When there are a million different ways to account for support for a candidate, how do you objectively measure undue influences on elections? Short of ironclad evidence of voter tampering, a la the political machines of the 19th century, or of tampering with voting machines, it’s hard to pin down what “undue” influences look like. Even people who fall on the extreme fringes of the political spectrum and who are motivated by disinformation and propaganda have genuine motivations in the way they make up their mind: they have chosen in what they wish to believe.
It could, then, be argued that politicians who complain about “stolen” elections are themselves appropriating the voice of voters by labelling certain voting rationales they find personally contemptible as invalid.
So, is early voting an undue influence on elections or not?
A lot of that depends on the purpose of early voting, which serves primarily to make election day more convenient. Not everyone—the elderly, the ill, those who hold hourly jobs—can afford to stand in line, potentially for hours, on election day. The rationale for early voting seems particularly strong this year: when the crowds that tend to amass around polling places are a vector for a potentially-deadly virus, it seems prudent to divert people away from them.
Early voting allows people to vote at their convenience, at times that fit into their lives and away from the epidemiological dangers posed by large crowds.
Democratic systems, after all, exist to serve the will of the people. Voting is about expressing preferences and reaffirming the sovereignty of the individual voice.
But, in a similar vein, if voting is such an important keystone of democratic representation, should voting, which American culture tends to foolishly and unduly emphasize as the primary means of political participation, really be that easy?
If not just rights but the responsibly of exercising them is so fundamental to democracy, should the activity of voting really fit so neatly into your day? Or should it be something that requires more time, in which the weight of the decision to be made is given more attention?
After all, although one’s vote is ultimately an expression affirming and broadcasting one’s one opinion, it’s amplified across the electorate and its result has consequences that affect others.

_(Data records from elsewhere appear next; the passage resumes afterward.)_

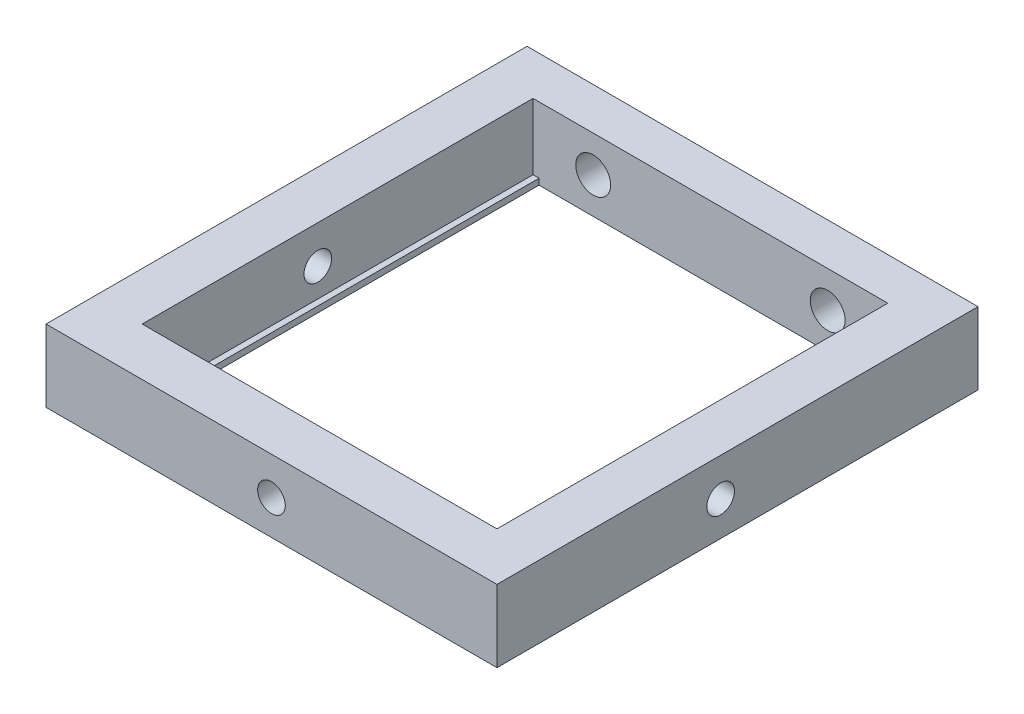
from build123d import *

# Parameters (mm, degrees)
SKETCH1_W           = 75
SKETCH1_H           = 80
BOSS_EXTRUDE1_DEPTH = 12
SKETCH2_W           = 59
SKETCH2_H           = 65
CUT_EXTRUDE1_DEPTH  = 11
SKETCH3_W           = 55
SKETCH3_H           = 63
CUT_EXTRUDE2_DEPTH  = 56.921820428
SKETCH5_R           = 2.9
CUT_EXTRUDE4_DEPTH  = 7
SKETCH7_W           = 57
SKETCH7_H           = 64
CUT_EXTRUDE5_DEPTH  = 56.921820428
SKETCH9_R           = 2.3
CUT_EXTRUDE6_DEPTH  = 8
SKETCH10_R          = 2.3
CUT_EXTRUDE7_DEPTH  = 86.842879728


with BuildPart() as part:
    # Sketch1 → Boss-Extrude1 (new body)
    with BuildSketch(Plane(origin=(0, 0, 0), x_dir=(1, 0, 0), z_dir=(0, 1, 0))):
        Rectangle(SKETCH1_W, SKETCH1_H)
    extrude(amount=BOSS_EXTRUDE1_DEPTH)

    # Sketch2 → Cut-Extrude1 (cut)
    with BuildSketch(Plane(origin=(0, 12, 0), x_dir=(1, 0, 0), z_dir=(0, 1, 0))):
        with Locations((0, 0.5)):
            Rectangle(SKETCH2_W, SKETCH2_H)
    extrude(amount=-CUT_EXTRUDE1_DEPTH, mode=Mode.SUBTRACT)

    # Sketch3 → Cut-Extrude2 (cut, through all)
    with BuildSketch(Plane(origin=(0, 1, 0), x_dir=(1, 0, 0), z_dir=(0, 1, 0))):
        with Locations((0, 1.5)):
            Rectangle(SKETCH3_W, SKETCH3_H)
    extrude(amount=-CUT_EXTRUDE2_DEPTH, mode=Mode.SUBTRACT)

    # Sketch5 → Cut-Extrude4 (cut)
    with BuildSketch(Plane(origin=(0, 0, -40), x_dir=(-1, 0, 0), z_dir=(0, 0, -1))):
        with Locations((-19.5, 5.962429795)):
            Circle(SKETCH5_R)
        with Locations((19.5, 5.962429795)):
            Circle(SKETCH5_R)
    extrude(amount=-CUT_EXTRUDE4_DEPTH, mode=Mode.SUBTRACT)

    # Sketch7 → Cut-Extrude5 (cut, through all)
    with BuildSketch(Plane(origin=(0, 1, 0), x_dir=(1, 0, 0), z_dir=(0, 1, 0))):
        with Locations((0, 1)):
            Rectangle(SKETCH7_W, SKETCH7_H)
    extrude(amount=-CUT_EXTRUDE5_DEPTH, mode=Mode.SUBTRACT)

    # Sketch9 → Cut-Extrude6 (cut)
    with BuildSketch(Plane.XY.offset(40)):
        with Locations((0, 5.75)):
            Circle(SKETCH9_R)
    extrude(amount=-CUT_EXTRUDE6_DEPTH, mode=Mode.SUBTRACT)

    # Sketch10 → Cut-Extrude7 (cut, through all)
    with BuildSketch(Plane(origin=(37.5, 0, 0), x_dir=(0, 0, -1), z_dir=(1, 0, 0))):
        with Locations((-2.8, 5.719569138)):
            Circle(SKETCH10_R)
    extrude(amount=-CUT_EXTRUDE7_DEPTH, mode=Mode.SUBTRACT)


solid = part.part

Though early voting is convenient, though it engenders a certain amount of adaptability into democracy, which one might ultimately carries a great deal of populist merit, it does run the risk of short-circuiting the weightiness of an election: it enables the premature casting of ballots, enabling people to make a decision they may, as political events unfold and evolve, come to regret.
Objectively, is early voting a good or ill for elections? On the whole, it’s hard to say. Like so much that affects American politics, there is no single summary judgment of objective good or ill that can be made and applied without qualification to each member of the electorate. So much of morality in the American political system is relative: it changes from individual to individual, dependent on the determinations each person makes about what actions and decisions are best placed to orient their lives towards the good they find most compelling.